→ **ASSIGNMENT**: Give the data again exactly as written, skipping any pictures.

Entries taken from a collection
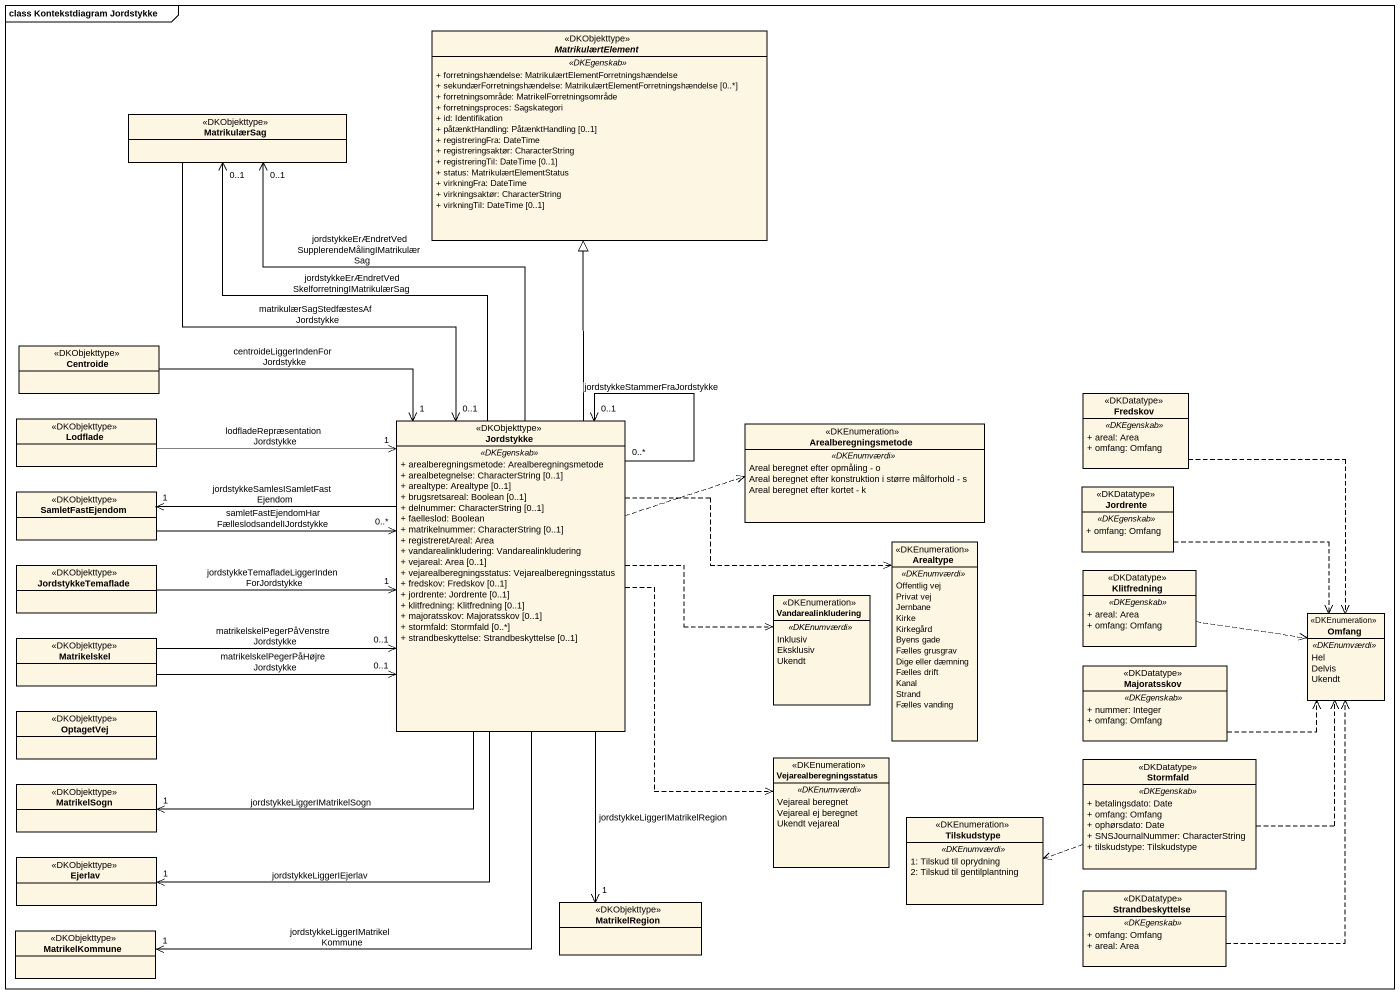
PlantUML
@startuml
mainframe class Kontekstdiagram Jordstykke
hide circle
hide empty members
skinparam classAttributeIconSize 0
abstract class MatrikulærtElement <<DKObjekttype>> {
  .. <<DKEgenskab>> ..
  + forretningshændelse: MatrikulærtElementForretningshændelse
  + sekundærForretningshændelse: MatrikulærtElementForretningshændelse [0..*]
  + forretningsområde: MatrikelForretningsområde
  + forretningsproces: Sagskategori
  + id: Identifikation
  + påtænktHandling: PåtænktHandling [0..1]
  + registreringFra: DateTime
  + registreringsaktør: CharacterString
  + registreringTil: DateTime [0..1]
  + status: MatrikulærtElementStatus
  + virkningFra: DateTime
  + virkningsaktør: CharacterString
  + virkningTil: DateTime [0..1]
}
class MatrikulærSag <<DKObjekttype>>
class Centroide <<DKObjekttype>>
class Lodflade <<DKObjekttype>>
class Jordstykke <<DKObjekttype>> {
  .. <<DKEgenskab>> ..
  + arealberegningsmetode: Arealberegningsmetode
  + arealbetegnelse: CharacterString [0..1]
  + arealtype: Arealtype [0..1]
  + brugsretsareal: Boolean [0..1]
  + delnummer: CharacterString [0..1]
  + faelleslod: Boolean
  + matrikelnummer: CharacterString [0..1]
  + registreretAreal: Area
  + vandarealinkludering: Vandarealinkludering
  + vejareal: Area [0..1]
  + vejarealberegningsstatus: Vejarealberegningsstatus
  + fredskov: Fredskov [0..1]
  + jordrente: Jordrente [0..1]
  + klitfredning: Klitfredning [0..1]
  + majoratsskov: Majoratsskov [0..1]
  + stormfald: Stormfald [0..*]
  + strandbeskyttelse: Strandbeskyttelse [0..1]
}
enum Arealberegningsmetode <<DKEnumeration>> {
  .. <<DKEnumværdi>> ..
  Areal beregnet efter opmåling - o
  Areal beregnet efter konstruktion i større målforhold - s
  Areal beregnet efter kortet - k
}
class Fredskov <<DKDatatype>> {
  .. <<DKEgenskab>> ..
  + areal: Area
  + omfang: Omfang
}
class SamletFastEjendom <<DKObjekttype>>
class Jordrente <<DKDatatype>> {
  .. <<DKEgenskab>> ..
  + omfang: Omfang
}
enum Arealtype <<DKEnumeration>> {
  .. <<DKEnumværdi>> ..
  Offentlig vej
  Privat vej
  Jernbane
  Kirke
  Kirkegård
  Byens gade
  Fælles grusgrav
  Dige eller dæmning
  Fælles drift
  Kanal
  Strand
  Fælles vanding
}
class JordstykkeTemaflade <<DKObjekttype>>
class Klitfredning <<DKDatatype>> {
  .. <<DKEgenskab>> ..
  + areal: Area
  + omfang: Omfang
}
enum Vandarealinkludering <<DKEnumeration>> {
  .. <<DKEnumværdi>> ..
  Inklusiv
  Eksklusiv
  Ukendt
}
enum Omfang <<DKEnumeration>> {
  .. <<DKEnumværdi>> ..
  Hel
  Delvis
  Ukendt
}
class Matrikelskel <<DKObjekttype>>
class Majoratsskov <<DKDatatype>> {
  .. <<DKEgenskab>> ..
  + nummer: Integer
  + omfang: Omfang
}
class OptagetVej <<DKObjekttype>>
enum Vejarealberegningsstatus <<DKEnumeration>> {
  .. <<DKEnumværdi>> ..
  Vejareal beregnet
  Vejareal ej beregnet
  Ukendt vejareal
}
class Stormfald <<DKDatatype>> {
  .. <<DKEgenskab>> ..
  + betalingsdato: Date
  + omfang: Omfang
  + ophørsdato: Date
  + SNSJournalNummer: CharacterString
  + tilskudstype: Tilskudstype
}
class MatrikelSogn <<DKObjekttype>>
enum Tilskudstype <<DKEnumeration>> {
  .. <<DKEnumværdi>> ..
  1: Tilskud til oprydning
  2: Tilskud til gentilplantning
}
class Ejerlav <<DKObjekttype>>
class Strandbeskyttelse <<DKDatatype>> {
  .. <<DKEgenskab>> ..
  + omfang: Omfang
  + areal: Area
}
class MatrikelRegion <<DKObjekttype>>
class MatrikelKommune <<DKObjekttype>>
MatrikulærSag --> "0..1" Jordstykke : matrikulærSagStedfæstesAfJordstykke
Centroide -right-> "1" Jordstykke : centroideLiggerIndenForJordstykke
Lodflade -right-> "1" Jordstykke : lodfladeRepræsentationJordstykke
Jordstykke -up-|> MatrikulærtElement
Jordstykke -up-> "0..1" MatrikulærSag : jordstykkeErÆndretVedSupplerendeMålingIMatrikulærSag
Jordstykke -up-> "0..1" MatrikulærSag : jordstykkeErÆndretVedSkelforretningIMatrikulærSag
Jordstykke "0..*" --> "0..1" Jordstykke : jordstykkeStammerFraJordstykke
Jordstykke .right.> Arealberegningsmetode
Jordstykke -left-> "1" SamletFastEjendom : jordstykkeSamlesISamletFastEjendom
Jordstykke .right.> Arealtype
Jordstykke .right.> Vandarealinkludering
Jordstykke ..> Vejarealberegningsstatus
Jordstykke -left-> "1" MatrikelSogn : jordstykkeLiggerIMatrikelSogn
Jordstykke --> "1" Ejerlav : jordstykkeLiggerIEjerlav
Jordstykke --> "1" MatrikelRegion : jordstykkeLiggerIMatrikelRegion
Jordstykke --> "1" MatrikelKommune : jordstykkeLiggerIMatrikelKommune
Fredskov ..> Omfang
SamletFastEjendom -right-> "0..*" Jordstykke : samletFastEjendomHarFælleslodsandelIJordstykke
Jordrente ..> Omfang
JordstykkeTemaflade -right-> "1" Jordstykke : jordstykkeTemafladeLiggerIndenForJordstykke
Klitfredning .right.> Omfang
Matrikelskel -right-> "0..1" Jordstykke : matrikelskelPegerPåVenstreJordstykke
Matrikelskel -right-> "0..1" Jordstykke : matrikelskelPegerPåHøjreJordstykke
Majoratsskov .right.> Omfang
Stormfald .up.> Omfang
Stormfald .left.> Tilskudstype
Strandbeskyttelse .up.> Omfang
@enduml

→ **REPLY**:
PlantUML
@startuml
mainframe class Kontekstdiagram Jordstykke
hide circle
hide empty members
skinparam classAttributeIconSize 0
abstract class MatrikulærtElement <<DKObjekttype>> {
  .. <<DKEgenskab>> ..
  + forretningshændelse: MatrikulærtElementForretningshændelse
  + sekundærForretningshændelse: MatrikulærtElementForretningshændelse [0..*]
  + forretningsområde: MatrikelForretningsområde
  + forretningsproces: Sagskategori
  + id: Identifikation
  + påtænktHandling: PåtænktHandling [0..1]
  + registreringFra: DateTime
  + registreringsaktør: CharacterString
  + registreringTil: DateTime [0..1]
  + status: MatrikulærtElementStatus
  + virkningFra: DateTime
  + virkningsaktør: CharacterString
  + virkningTil: DateTime [0..1]
}
class MatrikulærSag <<DKObjekttype>>
class Centroide <<DKObjekttype>>
class Lodflade <<DKObjekttype>>
class Jordstykke <<DKObjekttype>> {
  .. <<DKEgenskab>> ..
  + arealberegningsmetode: Arealberegningsmetode
  + arealbetegnelse: CharacterString [0..1]
  + arealtype: Arealtype [0..1]
  + brugsretsareal: Boolean [0..1]
  + delnummer: CharacterString [0..1]
  + faelleslod: Boolean
  + matrikelnummer: CharacterString [0..1]
  + registreretAreal: Area
  + vandarealinkludering: Vandarealinkludering
  + vejareal: Area [0..1]
  + vejarealberegningsstatus: Vejarealberegningsstatus
  + fredskov: Fredskov [0..1]
  + jordrente: Jordrente [0..1]
  + klitfredning: Klitfredning [0..1]
  + majoratsskov: Majoratsskov [0..1]
  + stormfald: Stormfald [0..*]
  + strandbeskyttelse: Strandbeskyttelse [0..1]
}
enum Arealberegningsmetode <<DKEnumeration>> {
  .. <<DKEnumværdi>> ..
  Areal beregnet efter opmåling - o
  Areal beregnet efter konstruktion i større målforhold - s
  Areal beregnet efter kortet - k
}
class Fredskov <<DKDatatype>> {
  .. <<DKEgenskab>> ..
  + areal: Area
  + omfang: Omfang
}
class SamletFastEjendom <<DKObjekttype>>
class Jordrente <<DKDatatype>> {
  .. <<DKEgenskab>> ..
  + omfang: Omfang
}
enum Arealtype <<DKEnumeration>> {
  .. <<DKEnumværdi>> ..
  Offentlig vej
  Privat vej
  Jernbane
  Kirke
  Kirkegård
  Byens gade
  Fælles grusgrav
  Dige eller dæmning
  Fælles drift
  Kanal
  Strand
  Fælles vanding
}
class JordstykkeTemaflade <<DKObjekttype>>
class Klitfredning <<DKDatatype>> {
  .. <<DKEgenskab>> ..
  + areal: Area
  + omfang: Omfang
}
enum Vandarealinkludering <<DKEnumeration>> {
  .. <<DKEnumværdi>> ..
  Inklusiv
  Eksklusiv
  Ukendt
}
enum Omfang <<DKEnumeration>> {
  .. <<DKEnumværdi>> ..
  Hel
  Delvis
  Ukendt
}
class Matrikelskel <<DKObjekttype>>
class Majoratsskov <<DKDatatype>> {
  .. <<DKEgenskab>> ..
  + nummer: Integer
  + omfang: Omfang
}
class OptagetVej <<DKObjekttype>>
enum Vejarealberegningsstatus <<DKEnumeration>> {
  .. <<DKEnumværdi>> ..
  Vejareal beregnet
  Vejareal ej beregnet
  Ukendt vejareal
}
class Stormfald <<DKDatatype>> {
  .. <<DKEgenskab>> ..
  + betalingsdato: Date
  + omfang: Omfang
  + ophørsdato: Date
  + SNSJournalNummer: CharacterString
  + tilskudstype: Tilskudstype
}
class MatrikelSogn <<DKObjekttype>>
enum Tilskudstype <<DKEnumeration>> {
  .. <<DKEnumværdi>> ..
  1: Tilskud til oprydning
  2: Tilskud til gentilplantning
}
class Ejerlav <<DKObjekttype>>
class Strandbeskyttelse <<DKDatatype>> {
  .. <<DKEgenskab>> ..
  + omfang: Omfang
  + areal: Area
}
class MatrikelRegion <<DKObjekttype>>
class MatrikelKommune <<DKObjekttype>>
MatrikulærSag --> "0..1" Jordstykke : matrikulærSagStedfæstesAfJordstykke
Centroide -right-> "1" Jordstykke : centroideLiggerIndenForJordstykke
Lodflade -right-> "1" Jordstykke : lodfladeRepræsentationJordstykke
Jordstykke -up-|> MatrikulærtElement
Jordstykke -up-> "0..1" MatrikulærSag : jordstykkeErÆndretVedSupplerendeMålingIMatrikulærSag
Jordstykke -up-> "0..1" MatrikulærSag : jordstykkeErÆndretVedSkelforretningIMatrikulærSag
Jordstykke "0..*" --> "0..1" Jordstykke : jordstykkeStammerFraJordstykke
Jordstykke .right.> Arealberegningsmetode
Jordstykke -left-> "1" SamletFastEjendom : jordstykkeSamlesISamletFastEjendom
Jordstykke .right.> Arealtype
Jordstykke .right.> Vandarealinkludering
Jordstykke ..> Vejarealberegningsstatus
Jordstykke -left-> "1" MatrikelSogn : jordstykkeLiggerIMatrikelSogn
Jordstykke --> "1" Ejerlav : jordstykkeLiggerIEjerlav
Jordstykke --> "1" MatrikelRegion : jordstykkeLiggerIMatrikelRegion
Jordstykke --> "1" MatrikelKommune : jordstykkeLiggerIMatrikelKommune
Fredskov ..> Omfang
SamletFastEjendom -right-> "0..*" Jordstykke : samletFastEjendomHarFælleslodsandelIJordstykke
Jordrente ..> Omfang
JordstykkeTemaflade -right-> "1" Jordstykke : jordstykkeTemafladeLiggerIndenForJordstykke
Klitfredning .right.> Omfang
Matrikelskel -right-> "0..1" Jordstykke : matrikelskelPegerPåVenstreJordstykke
Matrikelskel -right-> "0..1" Jordstykke : matrikelskelPegerPåHøjreJordstykke
Majoratsskov .right.> Omfang
Stormfald .up.> Omfang
Stormfald .left.> Tilskudstype
Strandbeskyttelse .up.> Omfang
@enduml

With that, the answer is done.